Evan Longoria Charts His Own Path, On And Off The Baseball Diamond

04/07/2015 03:52 pm ET | Updated Apr 10, 2015
Patrick Semansky/AP

When Evan Longoria's second child was born in November 2014, he was not near his fiancee in St. Petersburg, Florida. Instead, Longoria was on the other side of the world, playing in the Tokyo Dome for a baseball series with Japan.

Checking his phone incessantly throughout each inning, he got the heads-up that the baby was coming soon. He proceeded to take himself out of the game and FaceTime fiancee Jaime Edmondson, watching via live stream as his son was born.

"Of course, it was right during the game," Longoria told The Huffington Post. "And it was a surprise. We didn't know what it would be, but Jaime urged me to go and wasn't upset."

At 29 years old, Longoria is firmly in the prime of a splendid career spent entirely with the Tampa Bay Rays. A three-time All-Star third baseman with two Gold Gloves, he won the 2008 Rookie of the Year and leads the franchise in both total home runs and RBIs.

To understand Longoria's current success on the baseball diamond, it helps to first understand the rather inauspicious start to his career.

Just over six feet tall and 170 lbs. as a high school senior outside of Los Angeles, "Longo's" only legitimate collegiate interest came from nearby USC, a proud program with fantastic baseball tradition. But the Trojans eventually soured on him and didn't offer him a scholarship. Instead of trying to walk on, Longoria enrolled at nearby Rio Hondo Community College, where he got stronger and excelled. Long Beach State -- a perennial powerhouse, with four trips to the College World Series -- came calling. Three years later, Longoria was selected third overall in the MLB Draft, providing a lesson in both perseverance and grit.

evan longoria

"Sometimes the road less traveled ends up being easier to navigate because ignorance is bliss," Longoria says. "I didn't know that I was any better or worse than the next guy -- I just enjoyed playing the game and didn't worry about anything else."

When he's not playing baseball, Longoria spends his time with his family, but also as an ambassador for Red Bull and for the restaurant Ducky's, a sports lounge near downtown Tampa. Perhaps his favorite hobby is drumming, a skill he picked up about five years ago.

"I have my kit in this room off to the side of the field," he says. "It's right next to the visitors' clubhouse. The guys in the AL East have noticed my minor improvement."

Minor improvement -- or not so minor -- for the Rays is a necessity. After the most successful stretch in franchise history, including a trip to the 2008 World Series that Longoria helped spark as a rookie, the team has regressed. Last season, it traded its best asset -- 29-year-old ace and former Cy Young winner David Price -- and enters the 2015 campaign without manager Joe Maddon for the first time in nine years.

Longoria, for his part, talks confidently about embracing his role as a team leader.

"It's sort of come organically over the natural progression of time," he says of his role. "It's a pretty humbling and an eye-opening experience."
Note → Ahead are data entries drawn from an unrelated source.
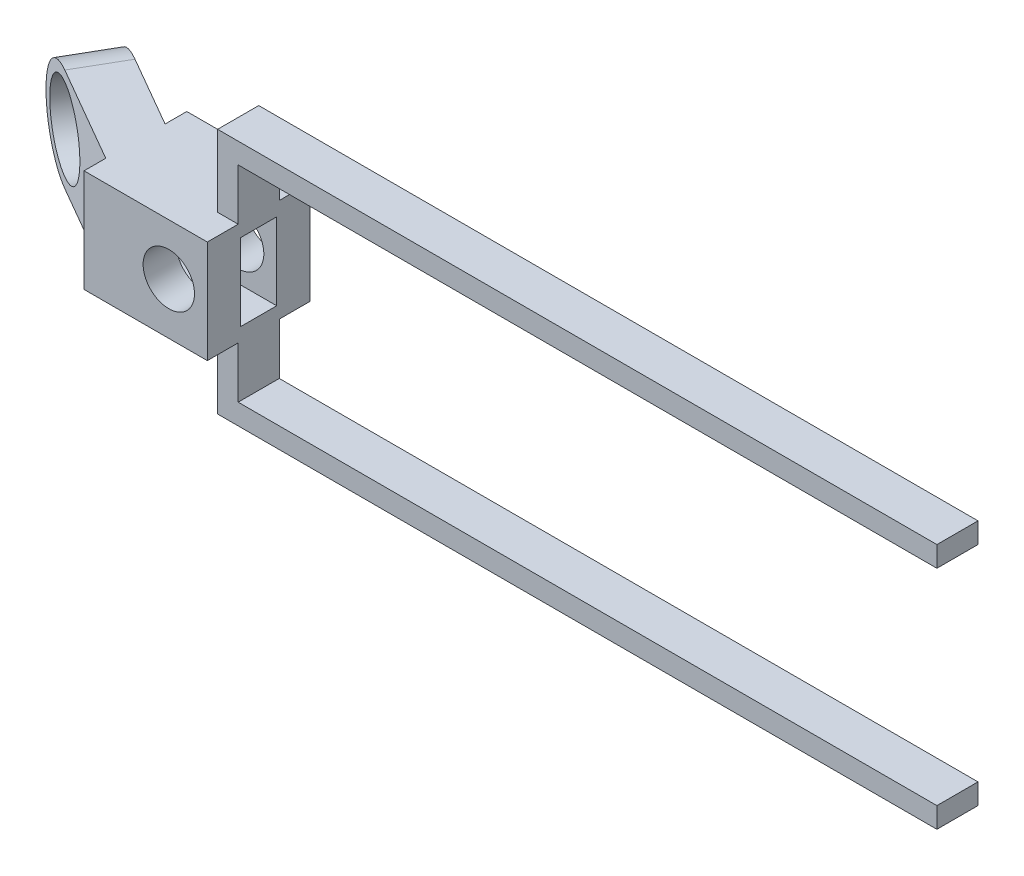
ISO-10303-21;
HEADER;
FILE_DESCRIPTION(('STEP AP214'),'2;1');
FILE_NAME('part.step','',(''),(''),'','','');
FILE_SCHEMA(('AUTOMOTIVE_DESIGN { 1 0 10303 214 1 1 1 1 }'));
ENDSEC;
DATA;
#1=APPLICATION_CONTEXT('core data for automotive mechanical design processes');
#2=APPLICATION_PROTOCOL_DEFINITION('international standard','automotive_design',2000,#1);
#3=PRODUCT_CONTEXT('',#1,'mechanical');
#4=PRODUCT('Part','Part','',(#3));
#5=PRODUCT_RELATED_PRODUCT_CATEGORY('part','',(#4));
#6=PRODUCT_DEFINITION_FORMATION('','',#4);
#7=PRODUCT_DEFINITION_CONTEXT('part definition',#1,'design');
#8=PRODUCT_DEFINITION('design','',#6,#7);
#9=PRODUCT_DEFINITION_SHAPE('','',#8);
#10=(LENGTH_UNIT() NAMED_UNIT(*) SI_UNIT(.MILLI.,.METRE.));
#11=(NAMED_UNIT(*) PLANE_ANGLE_UNIT() SI_UNIT($,.RADIAN.));
#12=(NAMED_UNIT(*) SI_UNIT($,.STERADIAN.) SOLID_ANGLE_UNIT());
#13=UNCERTAINTY_MEASURE_WITH_UNIT(LENGTH_MEASURE(1.E-05),#10,'distance_accuracy_value','');
#14=(GEOMETRIC_REPRESENTATION_CONTEXT(3) GLOBAL_UNCERTAINTY_ASSIGNED_CONTEXT((#13)) GLOBAL_UNIT_ASSIGNED_CONTEXT((#10,
#11,#12)) REPRESENTATION_CONTEXT('',''));
#15=CARTESIAN_POINT('',(0.,0.,0.));
#16=DIRECTION('',(0.,0.,1.));
#17=DIRECTION('',(1.,0.,0.));
#18=AXIS2_PLACEMENT_3D('',#15,#16,#17);
#19=CARTESIAN_POINT('',(2.54000000000001,0.,0.));
#20=DIRECTION('',(1.,0.,0.));
#21=DIRECTION('',(0.,1.,0.));
#22=AXIS2_PLACEMENT_3D('',#19,#20,#21);
#23=PLANE('',#22);
#24=DIRECTION('',(0.,0.,1.));
#25=VECTOR('',#24,1.);
#26=CARTESIAN_POINT('',(2.54000000000001,11.1125,8.5725));
#27=LINE('',#26,#25);
#28=CARTESIAN_POINT('',(2.54000000000001,11.1125,4.1275));
#29=VERTEX_POINT('',#28);
#30=CARTESIAN_POINT('',(2.54000000000001,11.1125,4.15029547438753));
#31=VERTEX_POINT('',#30);
#32=EDGE_CURVE('E333',#29,#31,#27,.T.);
#33=ORIENTED_EDGE('',*,*,#32,.T.);
#34=DIRECTION('',(0.,-1.,0.));
#35=VECTOR('',#34,1.);
#36=CARTESIAN_POINT('',(2.54000000000001,0.,4.15029547438752));
#37=LINE('',#36,#35);
#38=CARTESIAN_POINT('',(2.54000000000001,1.5875,4.15029547438753));
#39=VERTEX_POINT('',#38);
#40=EDGE_CURVE('E274',#31,#39,#37,.T.);
#41=ORIENTED_EDGE('',*,*,#40,.T.);
#42=DIRECTION('',(0.,0.,-1.));
#43=VECTOR('',#42,1.);
#44=CARTESIAN_POINT('',(2.54000000000001,1.5875,8.5725));
#45=LINE('',#44,#43);
#46=CARTESIAN_POINT('',(2.54000000000001,1.5875,4.1275));
#47=VERTEX_POINT('',#46);
#48=EDGE_CURVE('E322',#39,#47,#45,.T.);
#49=ORIENTED_EDGE('',*,*,#48,.T.);
#50=DIRECTION('',(0.,1.,0.));
#51=VECTOR('',#50,1.);
#52=CARTESIAN_POINT('',(2.54000000000001,11.1125,4.1275));
#53=LINE('',#52,#51);
#54=EDGE_CURVE('E328',#47,#29,#53,.T.);
#55=ORIENTED_EDGE('',*,*,#54,.T.);
#56=EDGE_LOOP('',(#33,#41,#49,#55));
#57=FACE_BOUND('',#56,.T.);
#58=ADVANCED_FACE('F47',(#57),#23,.T.);
#59=CARTESIAN_POINT('',(0.,0.,12.7));
#60=DIRECTION('',(-1.,0.,0.));
#61=DIRECTION('',(0.,0.,1.));
#62=AXIS2_PLACEMENT_3D('',#59,#60,#61);
#63=PLANE('',#62);
#64=DIRECTION('',(0.,0.,-1.));
#65=VECTOR('',#64,1.);
#66=CARTESIAN_POINT('',(0.,0.,12.7));
#67=LINE('',#66,#65);
#68=CARTESIAN_POINT('',(0.,0.,2.68382579064589));
#69=VERTEX_POINT('',#68);
#70=CARTESIAN_POINT('',(0.,0.,0.));
#71=VERTEX_POINT('',#70);
#72=EDGE_CURVE('E469',#69,#71,#67,.T.);
#73=ORIENTED_EDGE('',*,*,#72,.F.);
#74=DIRECTION('',(0.,1.,0.));
#75=VECTOR('',#74,1.);
#76=CARTESIAN_POINT('',(0.,0.,2.68382579064589));
#77=LINE('',#76,#75);
#78=CARTESIAN_POINT('',(0.,12.7,2.68382579064589));
#79=VERTEX_POINT('',#78);
#80=EDGE_CURVE('E72',#69,#79,#77,.T.);
#81=ORIENTED_EDGE('',*,*,#80,.T.);
#82=DIRECTION('',(0.,0.,-1.));
#83=VECTOR('',#82,1.);
#84=CARTESIAN_POINT('',(0.,12.7,12.7));
#85=LINE('',#84,#83);
#86=CARTESIAN_POINT('',(0.,12.7,0.));
#87=VERTEX_POINT('',#86);
#88=EDGE_CURVE('E485',#79,#87,#85,.T.);
#89=ORIENTED_EDGE('',*,*,#88,.T.);
#90=DIRECTION('',(0.,1.,0.));
#91=VECTOR('',#90,1.);
#92=CARTESIAN_POINT('',(0.,0.,0.));
#93=LINE('',#92,#91);
#94=EDGE_CURVE('E458',#71,#87,#93,.T.);
#95=ORIENTED_EDGE('',*,*,#94,.F.);
#96=EDGE_LOOP('',(#73,#81,#89,#95));
#97=FACE_BOUND('',#96,.T.);
#98=ADVANCED_FACE('F589',(#97),#63,.T.);
#99=CARTESIAN_POINT('',(12.7,0.,12.7));
#100=DIRECTION('',(-1.,0.,0.));
#101=DIRECTION('',(0.,-1.,0.));
#102=AXIS2_PLACEMENT_3D('',#99,#100,#101);
#103=PLANE('',#102);
#104=DIRECTION('',(0.,0.,-1.));
#105=VECTOR('',#104,1.);
#106=CARTESIAN_POINT('',(12.7,0.,12.7));
#107=LINE('',#106,#105);
#108=CARTESIAN_POINT('',(12.7,0.,8.89000000000001));
#109=VERTEX_POINT('',#108);
#110=CARTESIAN_POINT('',(12.7,0.,3.81));
#111=VERTEX_POINT('',#110);
#112=EDGE_CURVE('E526',#109,#111,#107,.T.);
#113=ORIENTED_EDGE('',*,*,#112,.T.);
#114=DIRECTION('',(0.,-1.,0.));
#115=VECTOR('',#114,1.);
#116=CARTESIAN_POINT('',(12.7,0.,3.81));
#117=LINE('',#116,#115);
#118=CARTESIAN_POINT('',(12.7,-8.89000000000001,3.81));
#119=VERTEX_POINT('',#118);
#120=EDGE_CURVE('E354',#111,#119,#117,.T.);
#121=ORIENTED_EDGE('',*,*,#120,.T.);
#122=DIRECTION('',(0.,0.,-1.));
#123=VECTOR('',#122,1.);
#124=CARTESIAN_POINT('',(12.7,-8.89000000000001,12.7));
#125=LINE('',#124,#123);
#126=CARTESIAN_POINT('',(12.7,-8.89000000000001,8.89000000000001));
#127=VERTEX_POINT('',#126);
#128=EDGE_CURVE('E522',#127,#119,#125,.T.);
#129=ORIENTED_EDGE('',*,*,#128,.F.);
#130=DIRECTION('',(0.,-1.,0.));
#131=VECTOR('',#130,1.);
#132=CARTESIAN_POINT('',(12.7,0.,8.89));
#133=LINE('',#132,#131);
#134=EDGE_CURVE('E385',#109,#127,#133,.T.);
#135=ORIENTED_EDGE('',*,*,#134,.F.);
#136=EDGE_LOOP('',(#113,#121,#129,#135));
#137=FACE_BOUND('',#136,.T.);
#138=ADVANCED_FACE('F595',(#137),#103,.T.);
#139=CARTESIAN_POINT('',(0.,-8.89000000000001,12.7));
#140=DIRECTION('',(0.,-1.,0.));
#141=DIRECTION('',(1.,0.,0.));
#142=AXIS2_PLACEMENT_3D('',#139,#140,#141);
#143=PLANE('',#142);
#144=ORIENTED_EDGE('',*,*,#128,.T.);
#145=DIRECTION('',(-1.,0.,0.));
#146=VECTOR('',#145,1.);
#147=CARTESIAN_POINT('',(101.6,-8.89000000000001,3.81));
#148=LINE('',#147,#146);
#149=CARTESIAN_POINT('',(101.6,-8.89000000000001,3.81));
#150=VERTEX_POINT('',#149);
#151=EDGE_CURVE('E388',#150,#119,#148,.T.);
#152=ORIENTED_EDGE('',*,*,#151,.F.);
#153=DIRECTION('',(0.,0.,-1.));
#154=VECTOR('',#153,1.);
#155=CARTESIAN_POINT('',(101.6,-8.89000000000003,12.7));
#156=LINE('',#155,#154);
#157=CARTESIAN_POINT('',(101.6,-8.89000000000001,8.89000000000001));
#158=VERTEX_POINT('',#157);
#159=EDGE_CURVE('E518',#158,#150,#156,.T.);
#160=ORIENTED_EDGE('',*,*,#159,.F.);
#161=DIRECTION('',(-1.,0.,0.));
#162=VECTOR('',#161,1.);
#163=CARTESIAN_POINT('',(101.6,-8.89000000000001,8.89000000000001));
#164=LINE('',#163,#162);
#165=EDGE_CURVE('E373',#158,#127,#164,.T.);
#166=ORIENTED_EDGE('',*,*,#165,.T.);
#167=EDGE_LOOP('',(#144,#152,#160,#166));
#168=FACE_BOUND('',#167,.T.);
#169=ADVANCED_FACE('F635',(#168),#143,.T.);
#170=CARTESIAN_POINT('',(101.6,0.,12.7));
#171=DIRECTION('',(-1.,0.,0.));
#172=DIRECTION('',(0.,-1.,0.));
#173=AXIS2_PLACEMENT_3D('',#170,#171,#172);
#174=PLANE('',#173);
#175=DIRECTION('',(0.,-1.,0.));
#176=VECTOR('',#175,1.);
#177=CARTESIAN_POINT('',(101.6,0.,3.81));
#178=LINE('',#177,#176);
#179=CARTESIAN_POINT('',(101.6,-6.35000000000004,3.81));
#180=VERTEX_POINT('',#179);
#181=EDGE_CURVE('E394',#180,#150,#178,.T.);
#182=ORIENTED_EDGE('',*,*,#181,.F.);
#183=DIRECTION('',(0.,0.,-1.));
#184=VECTOR('',#183,1.);
#185=CARTESIAN_POINT('',(101.6,-6.35000000000004,12.7));
#186=LINE('',#185,#184);
#187=CARTESIAN_POINT('',(101.6,-6.35000000000004,8.89));
#188=VERTEX_POINT('',#187);
#189=EDGE_CURVE('E514',#188,#180,#186,.T.);
#190=ORIENTED_EDGE('',*,*,#189,.F.);
#191=DIRECTION('',(0.,-1.,0.));
#192=VECTOR('',#191,1.);
#193=CARTESIAN_POINT('',(101.6,0.,8.89));
#194=LINE('',#193,#192);
#195=EDGE_CURVE('E380',#188,#158,#194,.T.);
#196=ORIENTED_EDGE('',*,*,#195,.T.);
#197=ORIENTED_EDGE('',*,*,#159,.T.);
#198=EDGE_LOOP('',(#182,#190,#196,#197));
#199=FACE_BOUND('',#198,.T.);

Opening day is here, which means that for Longoria, the ballpark is essentially home for 162 days and nights a year. The challenges presented by baseball can become immense, which makes family time that much more valuable.

"This year I'll be able to bring my daughter [to the stadium]," he gushes. "But it's hard not being able to be there to help Jaime. [My daughter] knows when I'm gone. She says, 'I want daddy.'"

"She's getting better at FaceTiming."

Apparently, it runs in the Longoria family.

CORRECTION: An earlier version of this story indicated the Longorias live in Tampa, Florida. In fact, they live in St. Petersburg.